Hi smit, hospital recommended under 7.8 one hour after eating when I was pregnant. The only way I could get it that low within an hour and avoid a hypo later was to have a snack an hour or two after my meal. Id see what it was after the hour and if it was under 7 I usually needed a snack to stop the hypo later. So try upping your insulin to get it down from 8.4 and try snacking in between meals to stop the hypos. Hope that helps xx


----------



## Smit (Oct 16, 2011)

Yeah I think I'll give her a call tmw as getting myself in a right pickle about thing. As you see from my other post I'm also worried about carbs. Why are things not simple? X


----------



## Smit (Oct 16, 2011)

Thanks Mrsclh, do u mind if I asked what you snacked on? I'm so worried im letting things go too high. Feel as if I'm taking shed loads of insulin and I'm only ten weeks. The consulyant says my insulin requirements should be dropping early pregnancy but they are just going up and up and away. X


----------



## CATMAC (Oct 16, 2011)

Hi Smit, 
I am now 9 weeks 3days and struggling to keep good control but i am struggling due to sickness  and this resulting in more Hypos for me.  Not sleeping good as wake up during the night with sickness.  Been off work for a week and going to see doc tomorrow for tablets for sickness and a line for my work. There is just so much going on and trying to keep on top of everything is not easy.  Hope you get good advice from your dsn tomorrow.  take care x


----------



## Babysaurus (Oct 17, 2011)

Hi Smit, I am just over five weeks and my insulin levels are also going through the roof. (I was concerned at first as I thought they were meant to go down but have been reassured by people here that anything seems to go!) I agree that extra insulin but then a small snack may take the edge of the hypo. 

Personally, I'd have something very small like half a Granola bar or a small glass of milk and then see what my levels were in half an hour or so, but you know how your body reacts to carbs etc so you may need more / less.
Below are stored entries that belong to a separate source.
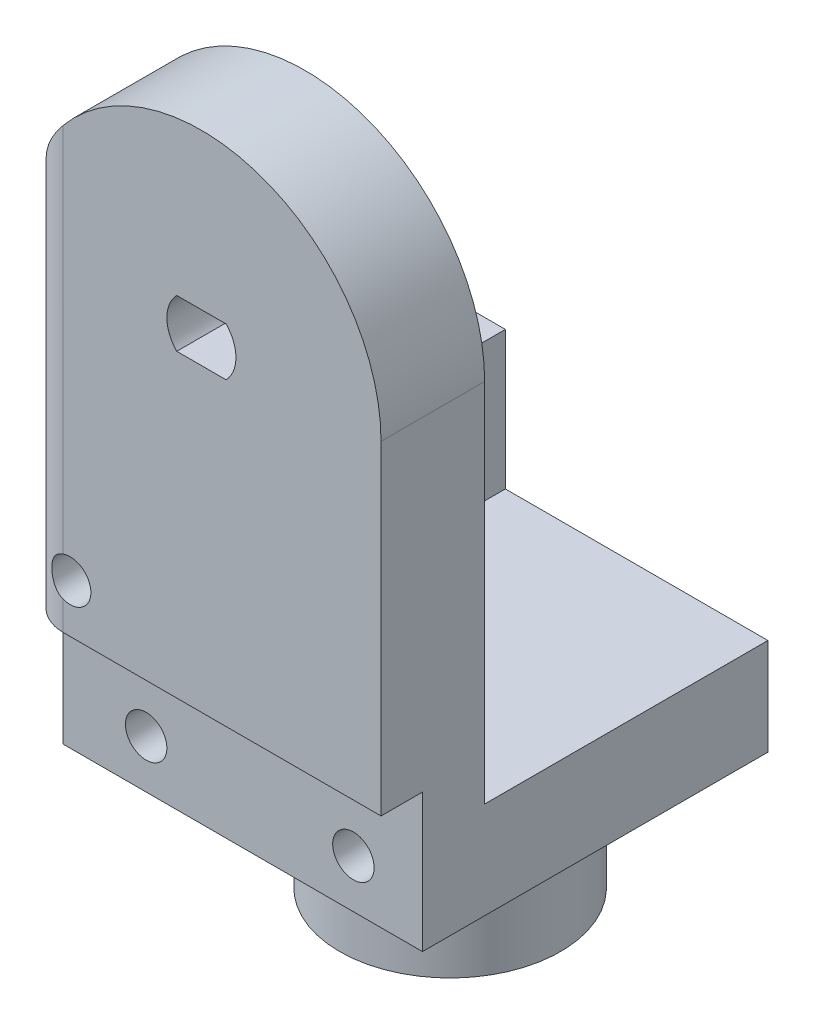
ISO-10303-21;
HEADER;
FILE_DESCRIPTION(('STEP AP214'),'2;1');
FILE_NAME('part.step','',(''),(''),'','','');
FILE_SCHEMA(('AUTOMOTIVE_DESIGN { 1 0 10303 214 1 1 1 1 }'));
ENDSEC;
DATA;
#1=APPLICATION_CONTEXT('core data for automotive mechanical design processes');
#2=APPLICATION_PROTOCOL_DEFINITION('international standard','automotive_design',2000,#1);
#3=PRODUCT_CONTEXT('',#1,'mechanical');
#4=PRODUCT('Part','Part','',(#3));
#5=PRODUCT_RELATED_PRODUCT_CATEGORY('part','',(#4));
#6=PRODUCT_DEFINITION_FORMATION('','',#4);
#7=PRODUCT_DEFINITION_CONTEXT('part definition',#1,'design');
#8=PRODUCT_DEFINITION('design','',#6,#7);
#9=PRODUCT_DEFINITION_SHAPE('','',#8);
#10=(LENGTH_UNIT() NAMED_UNIT(*) SI_UNIT(.MILLI.,.METRE.));
#11=(NAMED_UNIT(*) PLANE_ANGLE_UNIT() SI_UNIT($,.RADIAN.));
#12=(NAMED_UNIT(*) SI_UNIT($,.STERADIAN.) SOLID_ANGLE_UNIT());
#13=UNCERTAINTY_MEASURE_WITH_UNIT(LENGTH_MEASURE(1.E-05),#10,'distance_accuracy_value','');
#14=(GEOMETRIC_REPRESENTATION_CONTEXT(3) GLOBAL_UNCERTAINTY_ASSIGNED_CONTEXT((#13)) GLOBAL_UNIT_ASSIGNED_CONTEXT((#10,
#11,#12)) REPRESENTATION_CONTEXT('',''));
#15=CARTESIAN_POINT('',(0.,0.,0.));
#16=DIRECTION('',(0.,0.,1.));
#17=DIRECTION('',(1.,0.,0.));
#18=AXIS2_PLACEMENT_3D('',#15,#16,#17);
#19=CARTESIAN_POINT('',(24.2641007815364,-54.,8.));
#20=DIRECTION('',(0.,1.,0.));
#21=DIRECTION('',(0.,0.,1.));
#22=AXIS2_PLACEMENT_3D('',#19,#20,#21);
#23=PLANE('',#22);
#24=DIRECTION('',(-1.,0.,0.));
#25=VECTOR('',#24,1.);
#26=CARTESIAN_POINT('',(24.2641007815364,-54.,-20.));
#27=LINE('',#26,#25);
#28=CARTESIAN_POINT('',(50.2641007815364,-54.,-20.));
#29=VERTEX_POINT('',#28);
#30=CARTESIAN_POINT('',(37.2641007815364,-54.,-20.));
#31=VERTEX_POINT('',#30);
#32=EDGE_CURVE('E150',#29,#31,#27,.T.);
#33=ORIENTED_EDGE('',*,*,#32,.F.);
#34=DIRECTION('',(0.,0.,-1.));
#35=VECTOR('',#34,1.);
#36=CARTESIAN_POINT('',(50.2641007815364,-54.,8.));
#37=LINE('',#36,#35);
#38=CARTESIAN_POINT('',(50.2641007815364,-54.,5.));
#39=VERTEX_POINT('',#38);
#40=EDGE_CURVE('E292',#39,#29,#37,.T.);
#41=ORIENTED_EDGE('',*,*,#40,.F.);
#42=DIRECTION('',(1.,0.,0.));
#43=VECTOR('',#42,1.);
#44=CARTESIAN_POINT('',(50.2641007815364,-54.,5.));
#45=LINE('',#44,#43);
#46=CARTESIAN_POINT('',(24.2641007815364,-54.,5.));
#47=VERTEX_POINT('',#46);
#48=EDGE_CURVE('E603',#47,#39,#45,.T.);
#49=ORIENTED_EDGE('',*,*,#48,.F.);
#50=DIRECTION('',(0.,0.,-1.));
#51=VECTOR('',#50,1.);
#52=CARTESIAN_POINT('',(24.2641007815364,-54.,8.));
#53=LINE('',#52,#51);
#54=CARTESIAN_POINT('',(24.2641007815364,-54.,-20.));
#55=VERTEX_POINT('',#54);
#56=EDGE_CURVE('E167',#47,#55,#53,.T.);
#57=ORIENTED_EDGE('',*,*,#56,.T.);
#58=EDGE_CURVE('E153',#31,#55,#27,.T.);
#59=ORIENTED_EDGE('',*,*,#58,.F.);
#60=CARTESIAN_POINT('',(37.2641007815364,-54.,-10.));
#61=DIRECTION('',(0.,1.,0.));
#62=DIRECTION('',(0.,0.,1.));
#63=AXIS2_PLACEMENT_3D('',#60,#61,#62);
#64=CIRCLE('',#63,9.99999999999998);
#65=EDGE_CURVE('E164',#31,#31,#64,.T.);
#66=ORIENTED_EDGE('',*,*,#65,.T.);
#67=EDGE_LOOP('',(#33,#41,#49,#57,#59,#66));
#68=FACE_BOUND('',#67,.T.);
#69=ADVANCED_FACE('F37',(#68),#23,.F.);
#70=CARTESIAN_POINT('',(50.2641007815364,-54.,8.));
#71=DIRECTION('',(-1.,0.,0.));
#72=DIRECTION('',(0.,0.,1.));
#73=AXIS2_PLACEMENT_3D('',#70,#71,#72);
#74=PLANE('',#73);
#75=DIRECTION('',(0.,-1.,0.));
#76=VECTOR('',#75,1.);
#77=CARTESIAN_POINT('',(50.2641007815364,-54.,-20.));
#78=LINE('',#77,#76);
#79=CARTESIAN_POINT('',(50.2641007815364,-47.,-20.));
#80=VERTEX_POINT('',#79);
#81=EDGE_CURVE('E156',#80,#29,#78,.T.);
#82=ORIENTED_EDGE('',*,*,#81,.F.);
#83=DIRECTION('',(0.,0.,1.));
#84=VECTOR('',#83,1.);
#85=CARTESIAN_POINT('',(50.2641007815364,-47.,-54.9258240356725));
#86=LINE('',#85,#84);
#87=CARTESIAN_POINT('',(50.2641007815364,-47.,0.5));
#88=VERTEX_POINT('',#87);
#89=EDGE_CURVE('E267',#80,#88,#86,.T.);
#90=ORIENTED_EDGE('',*,*,#89,.T.);
#91=DIRECTION('',(0.,-1.,0.));
#92=VECTOR('',#91,1.);
#93=CARTESIAN_POINT('',(50.2641007815364,-4.,0.5));
#94=LINE('',#93,#92);
#95=CARTESIAN_POINT('',(50.2641007815364,-20.5159979477303,0.5));
#96=VERTEX_POINT('',#95);
#97=EDGE_CURVE('E238',#96,#88,#94,.T.);
#98=ORIENTED_EDGE('',*,*,#97,.F.);
#99=DIRECTION('',(0.,0.,1.));
#100=VECTOR('',#99,1.);
#101=CARTESIAN_POINT('',(50.2641007815364,-20.5159979477303,-62.5689387206191));
#102=LINE('',#101,#100);
#103=CARTESIAN_POINT('',(50.2641007815364,-20.5159979477303,8.));
#104=VERTEX_POINT('',#103);
#105=EDGE_CURVE('E599',#96,#104,#102,.T.);
#106=ORIENTED_EDGE('',*,*,#105,.T.);
#107=DIRECTION('',(0.,1.,0.));
#108=VECTOR('',#107,1.);
#109=CARTESIAN_POINT('',(50.2641007815364,-54.,8.));
#110=LINE('',#109,#108);
#111=CARTESIAN_POINT('',(50.2641007815364,-44.,8.));
#112=VERTEX_POINT('',#111);
#113=EDGE_CURVE('E290',#112,#104,#110,.T.);
#114=ORIENTED_EDGE('',*,*,#113,.F.);
#115=DIRECTION('',(0.,0.,1.));
#116=VECTOR('',#115,1.);
#117=CARTESIAN_POINT('',(50.2641007815364,-44.,5.));
#118=LINE('',#117,#116);
#119=CARTESIAN_POINT('',(50.2641007815364,-44.,5.));
#120=VERTEX_POINT('',#119);
#121=EDGE_CURVE('E605',#120,#112,#118,.T.);
#122=ORIENTED_EDGE('',*,*,#121,.F.);
#123=DIRECTION('',(0.,1.,0.));
#124=VECTOR('',#123,1.);
#125=CARTESIAN_POINT('',(50.2641007815364,-54.,5.));
#126=LINE('',#125,#124);
#127=EDGE_CURVE('E187',#39,#120,#126,.T.);
#128=ORIENTED_EDGE('',*,*,#127,.F.);
#129=ORIENTED_EDGE('',*,*,#40,.T.);
#130=EDGE_LOOP('',(#82,#90,#98,#106,#114,#122,#128,#129));
#131=FACE_BOUND('',#130,.T.);
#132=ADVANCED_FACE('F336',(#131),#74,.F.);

It is very frustrating isn't it?! I normally have great control but I am currently having to do loads of tests as my levels are shooting up, sometimes after next to nothing too! Apparently having high blood sugar for a while is most damaging so if you can get it down reasonably quickly and easily hopefully it'll be okay (I have had varying degrees of success with this.)

Good luck and keep us posted (I may be asking the same questions myself soon...!) 

x


----------



## Smit (Oct 17, 2011)

Thanks babysaurus, glad to hear I'm not the only one. My consultant got me really worried saying i was very different. 
Well last night was awful. I was sitting at 11 all night. So I corrected and then a few hours later went to bed. Woke up at 12.30 feeling very hot, sweaty and shaky, lovely I know. Tested my blood and got a record low 1.4, managed to get it up to 6 and went back to sleep. Was 13 this morning and been stuck at 11 all day again. Doing lots of correcting again today. Xx


----------



## Monkey (Oct 17, 2011)

Smit, I remember the unpredictability of early pregnancy so well.

As MrsCLH said, the guidelines I've just seen for pre-conception and pregnancy say 7.8 1hr post meal, 7.1 2hrs post. I don't personally think 8.4 is too bad - but what is the one hour post-meal reading like? That's be the decider for me on whether to try more insulin and a snack.

Hope that makes vague sense...


----------



## Babysaurus (Oct 17, 2011)

Smit, while your consultant may mean well I am sure you and I can't be the only one's whose bodies arew reacting in this way! Not a good thing to tell a patient in my opinion. Hmmm. 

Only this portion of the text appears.